It’s no secret how ConnectedTV consumption has accelerated in the last year or so, with the Global Pandemic leading to a significant uptake in both penetration and time-spent watching content on the device. In the US, YouTube is the most-used digital video platform for OTT watchers, with March 2020 seeing an 80% increase in watch time year-on-year. However, the questions remaining are: how do publishers adapt their offering to make best use of this consumption, and how might agencies advise clients on the best way to utilise it for their campaigns?
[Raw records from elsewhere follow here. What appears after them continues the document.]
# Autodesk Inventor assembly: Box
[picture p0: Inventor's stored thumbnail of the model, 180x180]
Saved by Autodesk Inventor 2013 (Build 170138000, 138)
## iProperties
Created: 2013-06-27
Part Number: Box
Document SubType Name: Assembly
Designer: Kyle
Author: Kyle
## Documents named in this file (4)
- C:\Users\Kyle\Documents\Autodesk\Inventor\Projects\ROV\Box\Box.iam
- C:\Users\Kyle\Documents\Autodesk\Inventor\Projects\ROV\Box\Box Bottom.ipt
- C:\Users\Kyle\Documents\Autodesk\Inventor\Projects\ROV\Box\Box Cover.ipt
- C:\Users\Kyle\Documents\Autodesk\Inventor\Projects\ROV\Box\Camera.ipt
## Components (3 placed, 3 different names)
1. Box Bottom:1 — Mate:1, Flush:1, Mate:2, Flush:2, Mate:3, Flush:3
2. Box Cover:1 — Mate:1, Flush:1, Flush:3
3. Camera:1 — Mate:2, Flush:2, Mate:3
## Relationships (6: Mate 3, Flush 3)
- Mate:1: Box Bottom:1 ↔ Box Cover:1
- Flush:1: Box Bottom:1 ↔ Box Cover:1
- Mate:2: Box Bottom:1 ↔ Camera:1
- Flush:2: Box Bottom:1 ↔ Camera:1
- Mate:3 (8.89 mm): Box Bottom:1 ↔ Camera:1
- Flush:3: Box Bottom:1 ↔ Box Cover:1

Unsurprisingly, Google are leading the way in their attempts to further bridge the gap between CTV advertising and typical consumer behaviour. The imminent release of a new feature expects to make their YouTube CTV ads more shoppable. Upon the click of your TV remote, or console controller, you’ll be able to send a website link or other call-to-action straight from the CTV advert you’ve been served, through to your mobile device. This serves to remedy the challenge of not wanting to disrupt the viewing experience, while ensuring that YouTube CTV advertising isn’t seen solely as a branding platform. The new feature is strategically aligned to Google’s recent push of products, such as YouTube for Action, which are designed to drive consideration and ultimately sales uplift.

Other CTV publishers are finding their consumption growing and now need to ensure they maximise their ad offering.

Samsung saw streaming overtake linear TV on their Smart TVs in 2020.  Samsung offers the flexibility to target users based on the programmes that they watch. As an extension of your linear TV activity, or as a way to follow a similar approach without the steep budget requirements of linear, this affords considerable advantage. However, in order to constitute more than a “portion of spend in a programmatic buy”, they and other players, such as Rakuten, must answer the challenge: what can you offer that YouTube can’t? To emphasise their relative merits, they must show how they can feed into a larger AV plan.

Here at the7stars, the growth of CTV fits beautifully into our established viewpoint on AV. Rather than formulating AV plans in silos across TV, BVOD, YouTube and so on, we determine our approach to video based on audience consumption. Is our audience going to care whether the advert is on demand or on linear TV? Or are they going to care that we’re not delivering a 30-inch landscape video to their mobile device? Spoiler; emphatically not. CTV, and the new products being developed, support our “AV by Device” approach to planning. We look at how viewers behave and deliver assets across the screens, putting consumer experience first, and then measuring and optimising accordingly.

CTV further blurs the line between AV channels. For advertisers who are receiving recommendations that are suited to video consumption in 2021, this is only going to benefit plans once measurement catches up.